A short move: where the stepper still buzzed, the voice-coil collapses to a single tight click.
And a burst of random-access seeks — the kind of texture the app produces under load:
The cabinet matters too
A bare seek voice still sounds synthetic, because much of what you hear from a real drive is the box. A 3.5" HDD case is far too small to reverberate — its Schroeder frequency sits near the top of the audible band (≈ 20 kHz for a box that size), so there is effectively no diffuse-field regime inside the audio range. It cannot be modelled as a reverb. Instead it is treated in the modal regime: a bank of rigid rectangular-cavity eigenmodes (the resonant body) plus image-source early reflections (the metallic attack ring). The two describe the same physical field, so they are exposed as independent amounts rather than summed at full strength, which would double-count the energy.

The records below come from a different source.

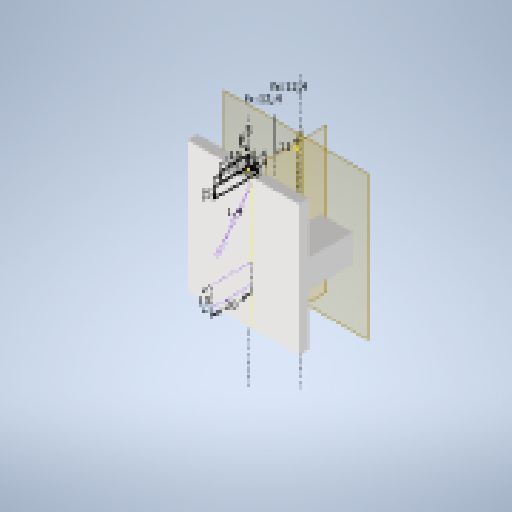
# Autodesk Inventor part: Backside
Saved by Autodesk Inventor 2023 (Build 270158000, 158)
## iProperties
Created: 2023-08-19
Part Number: Backside
Material: Generic
Document SubType Name: Modeling
Designer: Felix
Density: 1 g/cm^3
Appearance: Default
Author: Felix
Autodesk Inventor part; units mm, degrees
ref_plane "YZ Plane" through (0, 0, 0) normal (1, 0, 0) x (0, 1, 0)
ref_plane "XZ Plane" through (0, 0, 0) normal (0, 1, 0) x (-1, 0, 0)
ref_plane "XY Plane" through (0, 0, 0) normal (0, 0, 1) x (1, 0, 0)
ref_plane "Work Plane1" through (0, 0, 0) normal (0, 0, 1) x (1, 0, 0)
sketch "Sketch1" plane through (0, 0, 0) normal (0, 0, 1) x (1, 0, 0)
  circle A0 centre (49.6, -29.75) radius 2.55 construction
  circle A1 centre (9.9, -29.75) radius 3.6 construction
  circle A2 centre (49.9, -49.75) radius 11.95 projected
  circle A3 centre (49.9, -9.75) radius 11.95 projected
  circle A4 centre (9.9, -9.75) radius 11.95 projected
  circle A5 centre (9.9, -49.75) radius 11.95 projected
  line L0 (57.6, -22.75) -> (41.6, -22.75)
  line L1 (41.6, -22.75) -> (41.6, -36.75)
  line L2 (41.6, -36.75) -> (57.6, -36.75)
  line L3 (57.6, -36.75) -> (57.6, -22.75)
  line L4 (57.6, -22.75) -> (41.6, -36.75) construction
  line L5 (41.6, -22.75) -> (57.6, -36.75) construction
  line L6 (17.9, -22.75) -> (1.9, -22.75)
  line L7 (1.9, -22.75) -> (1.9, -36.75)
  line L8 (1.9, -36.75) -> (17.9, -36.75)
  line L9 (17.9, -36.75) -> (17.9, -22.75)
  line L10 (17.9, -22.75) -> (1.9, -36.75) construction
  line L11 (1.9, -22.75) -> (17.9, -36.75) construction
  circle A6 centre (9.9, -29.75) radius 2.65
  circle A7 centre (49.6, -29.75) radius 2.65
  point P0 (0, 0)
  dimension "d0" = 16
  dimension "d1" = 14
  dimension "d2" = 16
  dimension "d3" = 14
  dimension "d4" = 5.3
  dimension "d5" = 5.3
  constraints: 24 end point, 4 midpoint, 4 parallel, 2 centre point, 2 coincident, 2 horizontal, 2 perpendicular
  measures "d0" distance of L2.end L1.end
  measures "d1" distance of L1.end L0.end
  measures "d2" distance of L8.end L7.end
  measures "d3" distance of L7.end L6.end
  measures "d4" diameter of A6
  measures "d5" diameter of A7
extrude "Extrusion1" add sketch "Sketch1" along normal blind 22 contours L3 L2 L1 L0 | L9 L8 L7 L6
sketch "Sketch2" plane through (0, 0, 22) normal (0, 0, 1) x (1, 0, 0)
  line L0 (57.6, -36.75) -> (57.6, -22.75) construction
  line L1 (1.9, -22.75) -> (1.9, -36.75) construction
  line L2 (17.9, -36.75) -> (17.9, -22.75) construction
  line L3 (41.6, -22.75) -> (41.6, -36.75) construction
  line L4 (57.6, 3) -> (1.9, 3)
  line L5 (1.9, 3) -> (1.9, -62.5)
  line L6 (1.9, -62.5) -> (57.6, -62.5)
  line L7 (57.6, -62.5) -> (57.6, 3)
  line L8 (0, 3) -> (59.5, 3) construction
  line L9 (59.5, -62.5) -> (0, -62.5) construction
  point P0 (0, 0)
  constraints: 8 end point, 4 point on line, 2 parallel, 1 horizontal, 1 perpendicular
extrude "Extrusion2" add sketch "Sketch2" along normal blind 5
ref_plane "Work Plane2" through (29.75, -29.75, -3) normal (-1, 0, 0) x (0, 0, 1)
sketch "Sketch3" plane through (29.75, -29.75, -3) normal (-1, 0, 0) x (0, 0, 1)
  line L0 (0, 32.75) -> (3, 32.75) construction
  line L1 (0, -32.75) -> (3, -32.75) construction
  line L2 (14, 32.75) -> (14, -32.75) construction
  line L3 (3, 32.75) -> (3, -32.75) construction
  line L4 (26.4, 56.4687) -> (26.4, -62.1939) construction
  line L5 (1.6, 61.8459) -> (1.6, -76.3482) construction
  arc A0 (26.4, 39.15) -> (31.4, 34.15) centre (31.4, 39.15) ccw
  line L6 (25, 32.75) -> (30, 32.75) projected
  line L7 (25, -32.75) -> (30, -32.75) projected
  line L8 (26.4, 39.15) -> (31.4, 39.15)
  line L9 (31.4, 39.15) -> (41.4, 39.15)
  line L10 (41.4, 39.15) -> (41.4, 34.15)
  line L11 (41.4, 34.15) -> (31.4, 34.15)
  point P0 (3, 29.75)
  dimension "d10" = 11
  dimension "d11" = 12.4
  dimension "d12" = 12.4
  dimension "d13" = 5
  dimension "d14" = 1.4
  dimension "d15" = 15
  constraints: 16 end point, 2 parallel, 2 perpendicular, 2 point on circle, 2 point on line, 2 tangent, 2 vertical, 1 centre point, 1 horizontal
  measures "d10" distance between parallel lines of L3 L2
  measures "d11" distance between parallel lines of L5 L2
  measures "d12" distance between parallel lines of L4 L2
  measures "d13" radius of A0
  measures "d14" distance edge to line of A0 L6
  measures "d15" distance from line of L10 L8.start
ref_plane "Work Plane3" through (33.7, -29.75, -3) normal (1, 0, 0) x (0, 0, -1)
sketch "Sketch4" plane through (33.7, -29.75, -3) normal (1, 0, 0) x (0, 0, -1)
  arc A0 (-29.4, 32.75) -> (-26.4, 35.75) centre (-29.4, 35.75) ccw
  arc A1 (-26.4, 35.75) -> (-28.4, 37.75) centre (-28.4, 35.75) ccw
  line L0 (-29.4, 32.75) -> (-48.4, 32.75)
  line L1 (-48.4, 32.75) -> (-48.4, 37.75)
  line L2 (-48.4, 37.75) -> (-28.4, 37.75)
  line L3 (-30, -32.75) -> (-30, 32.75) construction
  line L4 (-25, 32.75) -> (-30, 32.75) construction
  line L5 (-25, 7) -> (-25, 32.75) construction
  line L6 (-27.0273, 33.9142) -> (-47.8508, 7) construction
  line L7 (-25.0481, 34.1845) -> (-46.9611, 5.8621) construction
  line L8 (-30, 32.75) -> (-30, -32.75) construction
  line L9 (-30, -4.418) -> (-50, -4.418) construction
  line L10 (-50, -4.418) -> (-50, -14.418) construction
  line L11 (-50, -14.418) -> (-30, -14.418) construction
  line L12 (-30, -14.418) -> (-30, -4.418) construction
  dimension "d16" = 3
  dimension "d17" = 2
  dimension "d19" = 3
  dimension "d20" = 5
  dimension "d21" = 20
  dimension "d22" = 1.4
  dimension "d23" = 1.4
  dimension "d24" = 20
  dimension "d25" = 10
  constraints: 18 end point, 6 point on circle, 4 parallel, 4 tangent, 2 centre point, 2 horizontal, 2 perpendicular, 2 point on line
  measures "d16" radius of A0
  measures "d17" radius of A1
  measures "d19" distance from line of L0 A0.end
  measures "d20" distance of L0.end L1.end
  measures "d21" distance of L1.end L2.end
  measures "d22" distance from line of L5 A0.end
  measures "d23" distance between parallel lines of L6 L7
  measures "d24" distance of L11.end L10.end
  measures "d25" distance of L10.end L9.end
equation "\"d3\" = d1"
equation "\"d4\" = d5"
equation "\"d12\" = d11"
equation "\"d19\" = d16"
body "Solid1"
Autodesk Inventor part; units mm, degrees
(part 3 of 3)
  line L461 (85.6298, 87) -> (78.6298, 87) construction
  line L462 (78.6298, 87) -> (78.6298, 77) construction
  line L463 (78.6298, 77) -> (85.6298, 77) construction
  line L464 (85.6298, 92) -> (85.6298, 102) construction
  line L465 (85.6298, 102) -> (78.6298, 102) construction
  line L466 (78.6298, 102) -> (78.6298, 92) construction
  line L467 (78.6298, 92) -> (85.6298, 92) construction
  line L468 (85.6298, 107) -> (85.6298, 117) construction
  line L469 (85.6298, 117) -> (78.6298, 117) construction
  line L470 (78.6298, 117) -> (78.6298, 107) construction
  line L471 (78.6298, 107) -> (85.6298, 107) construction
  line L472 (75.6298, 230.325) -> (75.6298, 122) projected
  line L473 (75.6298, 122) -> (138.6298, 122) projected
  line L474 (138.6298, 122) -> (138.6298, 0) projected
  line L475 (104.6298, 2) -> (111.6298, 2) construction
  line L476 (111.6298, 2) -> (111.6298, 12) construction
  line L477 (111.6298, 12) -> (104.6298, 12) construction
  line L478 (104.6298, 12) -> (104.6298, 2) construction
  line L479 (-0.7738, 0) -> (138.6298, 0) projected
  line L480 (39.6298, 2) -> (46.6298, 2) construction
  line L481 (46.6298, 2) -> (46.6298, 12) construction
  line L482 (46.6298, 12) -> (39.6298, 12) construction
  line L483 (39.6298, 12) -> (39.6298, 2) construction
  line L484 (-0.7738, 146.3758) -> (-0.7738, 0) projected
  line L485 (36.7399, 0) -> (41.3233, 0)
  line L486 (109.9362, 0) -> (114.5196, 0)
  point P0 (75.6298, 165)
  dimension "d594" = 20
  dimension "d595" = 38
  constraints: 22 end point, 6 parallel, 5 point on line, 3 perpendicular, 2 horizontal, 1 coincident, 1 midpoint, 1 vertical alignment
  measures "d594" distance between parallel lines of L2 L0
  measures "d595" distance between parallel lines of L3 L1
sketch "Эскиз114" plane through (0, -165, -85) normal (0, -1, 0) x (1, 0, 0)
  line L0 (32, 66) -> (32, 22) construction
  line L1 (32, 22) -> (34, 22) projected
  line L2 (34, 66) -> (34, 22) construction
  line L3 (34, 66) -> (32, 66) construction
  line L4 (32, 22) -> (34, 22)
  line L5 (34, 22) -> (34, 23)
  line L6 (34, 23) -> (32, 23)
  line L7 (32, 23) -> (32, 22)
  point P0 (0, 85)
  dimension "d601" = 1
  constraints: 8 end point, 2 parallel, 1 horizontal, 1 perpendicular, 1 point on line
  measures "d601" distance between parallel lines of L6 L1
sketch "Эскиз115" plane through (34, -165, 76.4035) normal (1, 0, 0) x (0, 0, -1)
  line L0 (76.4035, 230.325) -> (76.4035, 228.825)
  arc A0 (76.4035, 228.825) -> (0, 146.3758) centre (85.719, 143.5674) ccw
  arc A1 (76.4035, 230.325) -> (0, 146.3758) centre (74.3088, 155.4888) ccw
  point P0 (76.4035, 165)
  dimension "d604" = 1.5
  constraints: 4 point on circle, 2 centre point, 2 end point, 1 coincident, 1 vertical
  measures "d604" distance of L0.start L0.end
sketch "Эскиз116" plane through (0, -165, -85) normal (0, -1, 0) x (1, 0, 0)
  line L0 (32, 104) -> (34, 104) projected
  line L1 (32, 104) -> (34, 104)
  line L2 (34, 104) -> (34, 105.5)
  line L3 (34, 105.5) -> (32, 105.5)
  line L4 (32, 105.5) -> (32, 104)
  point P0 (0, 85)
  dimension "d607" = 1.5
  dimension "d10" = 170
  dimension "d15" = 4
  dimension "d16" = 35
  dimension "d97" = 2
  constraints: 10 end point, 3 point on circle, 2 horizontal, 2 vertical alignment, 1 centre point, 1 horizontal alignment, 1 perpendicular, 1 vertical
  measures "d10" distance of L0.start L0.end
  measures "d16" distance from line of point (0, 0) L3
  measures "d97" distance of L4.start L4.end
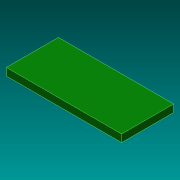
# Autodesk Inventor part: スマホ
Saved by Autodesk Inventor 2015 (Build 190159000, 159)
## iProperties
Created: 2016-05-04
Part Number: スマホ
Material: 一般
Document SubType Name: Modeling
Designer: hiroaki
Mass: 160 g
Surface Area: 327.4 cm^2
Volume: 138.4 cm^3
Density: 1.15607 g/cm^3
Appearance: 濃い緑
Author: hiroaki
Autodesk Inventor part; units mm, degrees
ref_plane "YZ Plane" through (0, 0, 0) normal (1, 0, 0) x (0, 1, 0)
ref_plane "XZ Plane" through (0, 0, 0) normal (0, 1, 0) x (-1, 0, 0)
ref_plane "XY Plane" through (0, 0, 0) normal (0, 0, 1) x (1, 0, 0)
sketch "スケッチ1" plane through (0, 0, 0) normal (0, 0, 1) x (1, 0, 0)
  line L0 (-77.5, -35) -> (77.5, -35)
  line L1 (77.5, -35) -> (77.5, 35)
  line L2 (77.5, 35) -> (-77.5, 35)
  line L3 (-77.5, 35) -> (-77.5, -35)
  line L4 (-77.5, -35) -> (77.5, 35) construction
  line L5 (77.5, -35) -> (-77.5, 35) construction
  point P0 (0, 0)
  dimension "d0" = 155
  dimension "d1" = 70
  constraints: 12 end point, 2 midpoint, 2 parallel, 1 horizontal, 1 perpendicular
  measures "d0" distance of L1.end L2.end
  measures "d1" distance of L0.end L1.end
extrude "押し出し1" add sketch "スケッチ1" along normal blind 5
mirror "ミラー1" about plane through (0, 0, 0) normal (0, 0, -1) of "押し出し1"
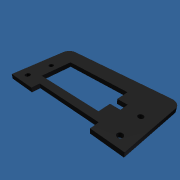
# Autodesk Inventor part: Acrylic_YawServoSupport_2
Saved by Autodesk Inventor 2012 (Build 160160000, 160)
## iProperties
Created: 2014-03-29
Part Number: Acrylic_YawServoSupport_2
Material: Default
Document SubType Name: Modeling
Designer: Admin
Density: 1 g/cm^3
Author: Admin
Autodesk Inventor part; units mm, degrees
ref_plane "YZ Plane" through (0, 0, 0) normal (1, 0, 0) x (0, 1, 0)
ref_plane "XZ Plane" through (0, 0, 0) normal (0, 1, 0) x (-1, 0, 0)
ref_plane "XY Plane" through (0, 0, 0) normal (0, 0, 1) x (1, 0, 0)
sketch "Sketch1" plane through (0, 0, 0) normal (0, 0, 1) x (1, 0, 0)
  line L0 (-53.9497, 0) -> (53.9497, 0) projected
  line L1 (0, -8.2071) -> (0, 49.2426) projected
  line L2 (-37.5, 0) -> (37.5, 0)
  line L3 (37.5, 0) -> (37.5, 35)
  line L4 (32.5, 40) -> (-32.5, 40)
  line L5 (-37.5, 35) -> (-37.5, 0)
  arc A0 (-32.5, 40) -> (-37.5, 35) centre (-32.5, 35) ccw
  arc A1 (37.5, 35) -> (32.5, 40) centre (32.5, 35) ccw
  point P0 (0, 0)
  point P1 (37.5, 40)
  point P2 (-37.5, 40)
  dimension "d0" = 75
  dimension "d1" = 40
  dimension "d2" = 37.5
  dimension "d5" = 5
  constraints: 8 end point, 5 point on line, 4 point on circle, 4 tangent, 2 centre point, 2 parallel, 1 equal radius, 1 horizontal, 1 perpendicular
  measures "d0" distance of point (-37.5, 40) point (37.5, 40)
  measures "d1" distance of point (37.5, 40) L2.end
  measures "d2" distance between parallel lines of L5 L1
  measures "d5" radius of A0
extrude "Extrusion1" add sketch "Sketch1" along normal blind 2.8
sketch "Sketch2" plane through (0, 0, 0) normal (0, 0, -1) x (-1, 0, 0)
  line L0 (37.5, 0) -> (-37.5, 0) projected
  line L1 (-20, 0) -> (-20, 5)
  line L2 (-20, 5) -> (20, 5)
  line L3 (20, 5) -> (20, 0)
  line L4 (-15.15, 22.4) -> (-21.15, 22.4)
  line L5 (-21.15, 22.4) -> (-21.15, 17.4)
  line L6 (-21.15, 17.4) -> (-15.15, 17.4)
  line L7 (-15.15, 17.4) -> (-15.15, 10)
  line L8 (25.15, 29.8) -> (-15.15, 29.8)
  line L9 (-15.15, 10) -> (25.15, 10)
  line L10 (25.15, 10) -> (25.15, 29.8)
  line L11 (-37.5, 0) -> (-37.5, 35) projected
  line L12 (-15.15, 22.4) -> (-15.15, 29.8)
  circle A0 centre (-30, 20) radius 1.5
  circle A1 centre (30, 20) radius 1.5
  arc A2 (-29.5144, 4.6) -> (-29.3, 5.4) centre (-30.9, 5.4) ccw
  line L13 (-32.5, 40) -> (32.5, 40) projected
  line L14 (-32.5, 5.4) -> (-32.5, 7)
  line L15 (-29.3, 7) -> (-29.3, 3.8)
  line L16 (-32.5, 3.8) -> (-32.5, 5.4)
  arc A3 (-29.3, 7) -> (-32.5, 7) centre (-30.9, 7) ccw
  arc A4 (-32.5, 3.8) -> (-29.3, 3.8) centre (-30.9, 3.8) ccw
  line L17 (37.5, 35) -> (37.5, 0) projected
  line L18 (29.3, 5.4) -> (29.3, 7)
  line L19 (32.5, 7) -> (32.5, 3.8)
  line L20 (29.3, 3.8) -> (29.3, 5.4)
  arc A5 (32.5, 7) -> (29.3, 7) centre (30.9, 7) ccw
  arc A6 (29.3, 3.8) -> (32.5, 3.8) centre (30.9, 3.8) ccw
  point P0 (0, 0)
  dimension "d9" = 3.2
  dimension "d10" = 3.2
  dimension "d13" = 3.2
  dimension "d14" = 3.2
  constraints: 34 end point, 10 point on circle, 7 centre point, 5 horizontal, 5 parallel, 5 vertical, 1 collinear, 1 midpoint, 1 perpendicular, 1 tangent, 18 other
  measures "d9" diameter of A3
  measures "d10" diameter of A4
  measures "d13" diameter of A5
  measures "d14" diameter of A6
extrude "Extrusion2" cut sketch "Sketch2" against normal blind 10
equation "\"d2\" = 0.5 * d0"
body "Solid1"

A dry seek, then the same seek through the two layers and the blend, in a 3.5" cavity:
The cavity geometry is a parameter. A 2.5" laptop-drive enclosure is a smaller box, so its modes sit higher and tighter — the same seek reads as a harder, drier click:
And the difference is clearest on a chatter burst, where the cabinet glues the individual clicks into one continuous body:
From disk I/O to clicks
A real seek voice still needs something to seek to. The app’s input is `fs_usage` disk-I/O events, and the mapping between an I/O event and a sound went through its own correction. The first version filtered and rate-limited the event stream — and that averaged out the per-event arrival timing, which is exactly the information that carries the drive’s rhythm. Removing the filtering and sonifying events closer to 1:1 brought the rhythm back; the current version coalesces them into activity-driven chatter so a continuous backend produces continuous sound without flooding the UI.
One host I/O does not map to one seek physically, either. Each operation is expanded into a cluster of seeks — a read pulls directory, allocation table, and data regions; a write coalesces — with the seek distances drawn from a measured distribution.
Takeaway
The first engine was not badly tuned; it was the wrong model. No amount of parameter tweaking on a stepper synth was going to produce a voice-coil click, because the stepper and the voice-coil are different machines making different noises. The fix was not in the synth — it was going back to the documented physics of the part that actually makes the sound, fitting the free parameters to a real recording instead of by ear, and putting a number on how close the fit got (≈ 0.087 spectral residual). The cabinet and the I/O-to-seek mapping are the same story in miniature: get the physical model right first, tune second.